Saved entries
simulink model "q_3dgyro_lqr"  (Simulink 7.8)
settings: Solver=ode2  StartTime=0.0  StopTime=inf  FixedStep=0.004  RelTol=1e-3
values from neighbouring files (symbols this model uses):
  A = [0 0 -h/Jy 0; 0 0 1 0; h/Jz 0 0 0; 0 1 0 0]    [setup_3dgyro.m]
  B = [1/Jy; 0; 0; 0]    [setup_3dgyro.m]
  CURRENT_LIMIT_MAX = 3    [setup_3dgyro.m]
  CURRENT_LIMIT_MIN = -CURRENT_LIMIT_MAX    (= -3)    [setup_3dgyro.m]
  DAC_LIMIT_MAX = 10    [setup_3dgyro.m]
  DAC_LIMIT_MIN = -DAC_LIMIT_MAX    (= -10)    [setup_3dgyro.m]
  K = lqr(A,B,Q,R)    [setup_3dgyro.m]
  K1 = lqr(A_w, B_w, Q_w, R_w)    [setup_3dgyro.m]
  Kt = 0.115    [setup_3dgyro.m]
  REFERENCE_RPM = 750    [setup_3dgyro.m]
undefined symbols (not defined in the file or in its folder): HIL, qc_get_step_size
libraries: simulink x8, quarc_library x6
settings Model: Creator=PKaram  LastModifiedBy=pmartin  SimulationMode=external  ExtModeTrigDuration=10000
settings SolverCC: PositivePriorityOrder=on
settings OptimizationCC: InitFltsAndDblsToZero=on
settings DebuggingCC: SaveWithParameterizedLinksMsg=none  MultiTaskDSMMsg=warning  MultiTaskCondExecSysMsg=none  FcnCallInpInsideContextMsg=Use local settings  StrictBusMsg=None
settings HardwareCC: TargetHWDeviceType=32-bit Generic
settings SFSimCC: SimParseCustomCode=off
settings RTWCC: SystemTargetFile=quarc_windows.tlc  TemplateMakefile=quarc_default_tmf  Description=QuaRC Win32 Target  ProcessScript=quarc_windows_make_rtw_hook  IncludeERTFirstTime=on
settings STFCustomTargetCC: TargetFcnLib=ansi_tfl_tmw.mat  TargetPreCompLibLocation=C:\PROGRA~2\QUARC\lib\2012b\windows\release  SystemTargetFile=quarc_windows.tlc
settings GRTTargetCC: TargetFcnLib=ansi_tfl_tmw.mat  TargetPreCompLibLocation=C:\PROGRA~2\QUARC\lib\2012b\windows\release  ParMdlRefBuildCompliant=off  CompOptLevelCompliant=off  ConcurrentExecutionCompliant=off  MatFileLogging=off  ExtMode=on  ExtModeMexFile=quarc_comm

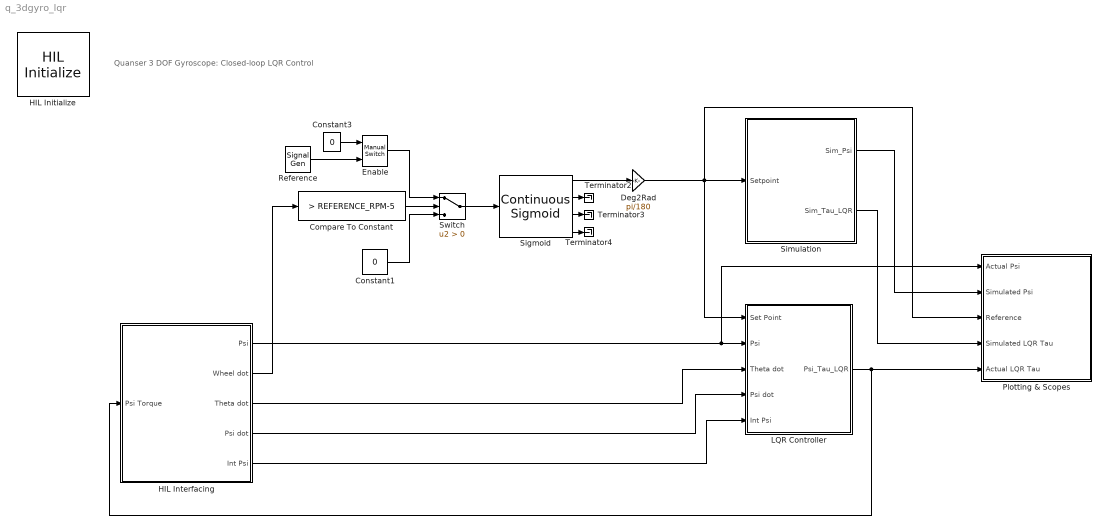
== system q_3dgyro_lqr ==
  note: Quanser 3 DOF Gyroscope:
      | Closed-loop LQR Control
  Compare To Constant : simulink/Logic and Bit Operations/Compare To Constant  relop=>  const=REFERENCE_RPM-5  OutDataTypeStr=uint8  ZeroCross=off
  Constant1 : Constant  Value=0
  Constant3 : Constant  Value=0
  Deg2Rad : Gain  Gain=pi/180
  Enable : simulink/Signal Routing/Manual Switch  sw=1  action=0  varsize=off
  HIL Initialize : quarc_library/Data Acquisition/Generic/Configuration/HIL Initialize  Priority=-99  object_name=HIL-1  board_type=q8_usb  board_number=0  board_options=update_rate=normal;decimation=1  exclusive=off  active=off  hardware_clocks=[0:2]  clock_modes=[]  initial_clock_frequencies=[]  set_clock_params_at_start=off  set_clock_params_at_switch_in=off  set_clock_frequencies_at_start=off  set_clock_frequencies_at_switch_in=off  analog_input_channels=[0:2]  analog_input_maximums=10  analog_input_minimums=-10  set_analog_input_params_at_start=on  set_analog_input_params_at_switch_in=off  analog_output_channels=[0:2]  analog_output_maximums=10  analog_output_minimums=-10  initial_analog_outputs=[0]  final_analog_outputs=[0]  watchdog_analog_outputs=0  set_analog_output_params_at_start=on  set_analog_output_params_at_switch_in=off  set_analog_outputs_at_start=on  set_analog_outputs_at_switch_in=off  set_analog_outputs_at_terminate=on  set_analog_outputs_at_switch_out=off  set_analog_outputs_on_watchdog=off  digital_input_channels=[]  digital_output_channels=[0:4]  digital_output_configuration=[]  initial_digital_outputs=[0 0 0 0 1]  final_digital_outputs=[1 1 1 1 0]  watchdog_digital_outputs=[1 1 1 1 0]  set_digital_output_params_at_start=off  set_digital_output_params_at_switch_in=off  set_digital_outputs_at_start=on  set_digital_outputs_at_switch_in=off  set_digital_outputs_at_terminate=on  set_digital_outputs_at_switch_out=off  set_digital_outputs_on_watchdog=off  encoder_channels=[0:7]  quadrature=[4]  encoder_filter_frequency=[]  initial_encoder_counts=[0]  set_encoder_params_at_start=on  set_encoder_params_at_switch_in=off  set_encoder_counts_at_start=on  set_encoder_counts_at_switch_in=off  pwm_channels=[0:7]  pwm_modes=0  pwm_frequency=99.532799999999995e6/4095  pwm_configuration=[0]  pwm_alignment=[0]  pwm_polarity=[1]  pwm_leading_deadband=[0]  pwm_trailing_deadband=[0]  initial_pwm_outputs=[0]  final_pwm_outputs=[0]  watchdog_pwm_outputs=[0]  set_pwm_params_at_start=on  set_pwm_params_at_switch_in=off  set_pwm_outputs_at_start=on  set_pwm_outputs_at_switch_in=off  set_pwm_outputs_at_terminate=on  set_pwm_outputs_at_switch_out=off  set_pwm_outputs_on_watchdog=off  other_output_channels=[]  initial_other_outputs=[]  final_other_outputs=[]  watchdog_other_outputs=[]  set_other_outputs_at_start=off  set_other_outputs_at_switch_in=off  set_other_outputs_at_terminate=off  set_other_outputs_at_switch_out=off  set_other_outputs_on_watchdog=off
  HIL Interfacing : Subsystem
  LQR Controller : Subsystem
  Plotting & Scopes : Subsystem
  Reference : SignalGenerator  WaveForm=square  Amplitude=20  Frequency=.1
  Sigmoid : quarc_library/Sources/Sigmoids/Continuous Sigmoid  params_source=Internal (dialog parameters)  max_velocity=SIGMOID_VEL_MAX  max_acceleration=SIGMOID_ACCEL_MAX  initial_position=0  initial_velocity=0  hold_off=0.5  input_sample_time=-1  output_sample_time=qc_get_step_size
  Simulation : Subsystem
  Switch : Switch  Criteria=u2 > Threshold
  Terminator2 : Terminator
  Terminator3 : Terminator
  Terminator4 : Terminator
  wires:
  HIL Interfacing/1(Psi) -> Plotting & Scopes/1(Actual Psi), LQR Controller/2(Psi)
  Simulation/1(Sim_Psi) -> Plotting & Scopes/2(Simulated Psi)
  LQR Controller/1(Psi_Tau_LQR) -> HIL Interfacing/1(Psi Torque), Plotting & Scopes/5(Actual LQR Tau)
  Sigmoid/1 -> Deg2Rad/1
  Compare To Constant/1 -> Switch/2
  Constant1/1 -> Switch/3
  Switch/1 -> Sigmoid/1
  Constant3/1 -> Enable/1
  Reference/1 -> Enable/2
  Enable/1 -> Switch/1
  Deg2Rad/1 -> LQR Controller/1(Set Point), Simulation/1(Setpoint), Plotting & Scopes/3(Reference)
  Sigmoid/2 -> Terminator2/1
  Sigmoid/3 -> Terminator3/1
  Sigmoid/4 -> Terminator4/1
  HIL Interfacing/5(Int Psi) -> LQR Controller/5(Int Psi)
  HIL Interfacing/3(Theta dot) -> LQR Controller/3(Theta dot)
  HIL Interfacing/4(Psi dot) -> LQR Controller/4(Psi dot)
  Simulation/2(Sim_Tau_LQR) -> Plotting & Scopes/4(Simulated LQR Tau)
  HIL Interfacing/2(Wheel dot) -> Compare To Constant/1

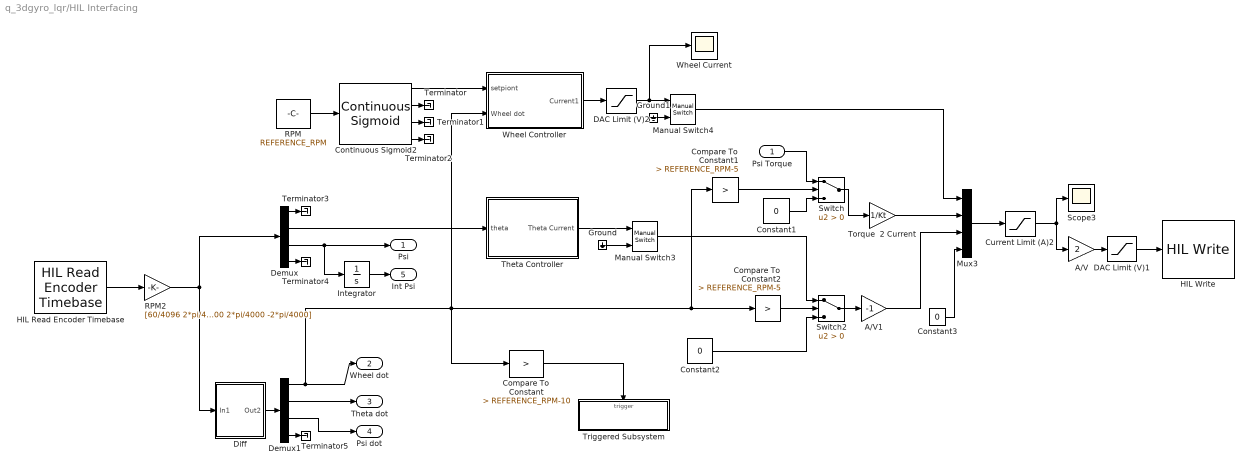
== system q_3dgyro_lqr/HIL Interfacing ==
  Psi Torque : Inport
  A/V : Gain  Gain=2
  A/V1 : Gain  Gain=-1
  Compare To Constant : simulink/Logic and Bit Operations/Compare To Constant  relop=>  const=REFERENCE_RPM-10  OutDataTypeStr=uint8  ZeroCross=off
  Compare To Constant1 : simulink/Logic and Bit Operations/Compare To Constant  relop=>  const=REFERENCE_RPM-5  OutDataTypeStr=uint8  ZeroCross=off
  Compare To Constant2 : simulink/Logic and Bit Operations/Compare To Constant  relop=>  const=REFERENCE_RPM-5  OutDataTypeStr=uint8  ZeroCross=off
  Constant1 : Constant  Value=0
  Constant2 : Constant  Value=0
  Constant3 : Constant  Value=0
  Continuous Sigmoid2 : quarc_library/Sources/Sigmoids/Continuous Sigmoid  params_source=Internal (dialog parameters)  max_velocity=250  max_acceleration=250  initial_position=0  initial_velocity=0  hold_off=0.5  input_sample_time=-1  output_sample_time=qc_get_step_size
  Current Limit (A)2 : Saturate  UpperLimit=CURRENT_LIMIT_MAX  LowerLimit=CURRENT_LIMIT_MIN
  DAC Limit (V)1 : Saturate  UpperLimit=DAC_LIMIT_MAX  LowerLimit=DAC_LIMIT_MIN
  DAC Limit (V)2 : Saturate  UpperLimit=1  LowerLimit=-1
  Demux : Demux
  Demux1 : Demux
  Diff : Subsystem
  Ground : Ground
  Ground1 : Ground
  HIL Read Encoder Timebase : quarc_library/Data Acquisition/Generic/Timebases/HIL Read Encoder Timebase  object_name=HIL-1  clock=0  channels=0:3  samples_in_buffer=max(ceil(1/qc_get_step_size), 1)  active=on  vector_output=on  data_type_mode=Inherit via back propagation  data_type=double
  HIL Write : quarc_library/Data Acquisition/Generic/Immediate I//O/HIL Write  object_name=HIL-1  analog_channels=0:3  pwm_channels=[]  digital_channels=[]  other_channels=[]  sample_time=-1  active=off  vector_input=on
  Integrator : Integrator
  Manual Switch3 : simulink/Signal Routing/Manual Switch  sw=1  action=0  varsize=off
  Manual Switch4 : simulink/Signal Routing/Manual Switch  sw=1  action=0  varsize=off
  Mux3 : Mux
  RPM : Constant  Value=REFERENCE_RPM
  RPM2 : Gain  Gain=[60/4096 2*pi/4000 2*pi/4000 -2*pi/4000]
  Scope3 : Scope
      settings: TimeRange=10  YMin=-3.5  YMax=3.5  SaveName=ScopeData7
  Switch : Switch  Criteria=u2 > Threshold
  Switch2 : Switch  Criteria=u2 > Threshold
  Terminator{,1..5} (6 alike) : Terminator
  Theta Controller : Subsystem
  Torque  2 Current : Gain  Gain=1/Kt
  Triggered Subsystem : Subsystem  TreatAsAtomicUnit=on
  Wheel Controller : Subsystem
  Wheel Current : Scope
      settings: YMin=-0.2  YMax=0.55  SaveName=ScopeData3
  Psi : Outport
  Wheel dot : Outport  Port=2
  Theta dot : Outport  Port=3
  Psi dot : Outport  Port=4
  Int Psi : Outport  Port=5
  wires:
  HIL Read Encoder Timebase/1 -> RPM2/1
  RPM2/1 -> Demux/1, Diff/1(In1)
  Diff/1(Out2) -> Demux1/1
  Demux1/2 -> Theta dot/1
  A/V/1 -> DAC Limit (V)1/1
  DAC Limit (V)1/1 -> HIL Write/1
  Demux/2 -> Theta Controller/1(theta)
  Theta Controller/1(Theta Current) -> Manual Switch3/1
  RPM/1 -> Continuous Sigmoid2/1
  Continuous Sigmoid2/1 -> Wheel Controller/1(setpiont)
  DAC Limit (V)2/1 -> Manual Switch4/1, Wheel Current/1
  Current Limit (A)2/1 -> A/V/1, Scope3/1
  Demux1/1 -> Wheel Controller/2(Wheel dot), Compare To Constant/1, Compare To Constant2/1, Compare To Constant1/1, Wheel dot/1
  Psi Torque/1 -> Switch/1
  Constant1/1 -> Switch/3
  Switch/1 -> Torque  2 Current/1
  Compare To Constant1/1 -> Switch/2
  Manual Switch3/1 -> Switch2/1
  Compare To Constant2/1 -> Switch2/2
  Constant2/1 -> Switch2/3
  Switch2/1 -> A/V1/1
  Wheel Controller/1(Current1) -> DAC Limit (V)2/1
  Integrator/1 -> Int Psi/1
  Torque  2 Current/1 -> Mux3/2
  Manual Switch4/1 -> Mux3/1
  Mux3/1 -> Current Limit (A)2/1
  Demux/3 -> Integrator/1, Psi/1
  Demux1/3 -> Psi dot/1
  A/V1/1 -> Mux3/3
  Constant3/1 -> Mux3/4
  Compare To Constant/1 -> Triggered Subsystem/Trigger
  Continuous Sigmoid2/2 -> Terminator/1
  Continuous Sigmoid2/3 -> Terminator1/1
  Continuous Sigmoid2/4 -> Terminator2/1
  Ground1/1 -> Manual Switch4/2
  Ground/1 -> Manual Switch3/2
  Demux/1 -> Terminator3/1
  Demux/4 -> Terminator4/1
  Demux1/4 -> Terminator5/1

Task goal :: From the records above, copy exactly the stretch from the line holding "Sigmoid/2 -> Terminator2/1" through the line holding "Current Limit (A)2 : Saturate", both ends included, without the pictures.

Exercise answer ::
  Sigmoid/2 -> Terminator2/1
  Sigmoid/3 -> Terminator3/1
  Sigmoid/4 -> Terminator4/1
  HIL Interfacing/5(Int Psi) -> LQR Controller/5(Int Psi)
  HIL Interfacing/3(Theta dot) -> LQR Controller/3(Theta dot)
  HIL Interfacing/4(Psi dot) -> LQR Controller/4(Psi dot)
  Simulation/2(Sim_Tau_LQR) -> Plotting & Scopes/4(Simulated LQR Tau)
  HIL Interfacing/2(Wheel dot) -> Compare To Constant/1

== system q_3dgyro_lqr/HIL Interfacing ==
  Psi Torque : Inport
  A/V : Gain  Gain=2
  A/V1 : Gain  Gain=-1
  Compare To Constant : simulink/Logic and Bit Operations/Compare To Constant  relop=>  const=REFERENCE_RPM-10  OutDataTypeStr=uint8  ZeroCross=off
  Compare To Constant1 : simulink/Logic and Bit Operations/Compare To Constant  relop=>  const=REFERENCE_RPM-5  OutDataTypeStr=uint8  ZeroCross=off
  Compare To Constant2 : simulink/Logic and Bit Operations/Compare To Constant  relop=>  const=REFERENCE_RPM-5  OutDataTypeStr=uint8  ZeroCross=off
  Constant1 : Constant  Value=0
  Constant2 : Constant  Value=0
  Constant3 : Constant  Value=0
  Continuous Sigmoid2 : quarc_library/Sources/Sigmoids/Continuous Sigmoid  params_source=Internal (dialog parameters)  max_velocity=250  max_acceleration=250  initial_position=0  initial_velocity=0  hold_off=0.5  input_sample_time=-1  output_sample_time=qc_get_step_size
  Current Limit (A)2 : Saturate  UpperLimit=CURRENT_LIMIT_MAX  LowerLimit=CURRENT_LIMIT_MIN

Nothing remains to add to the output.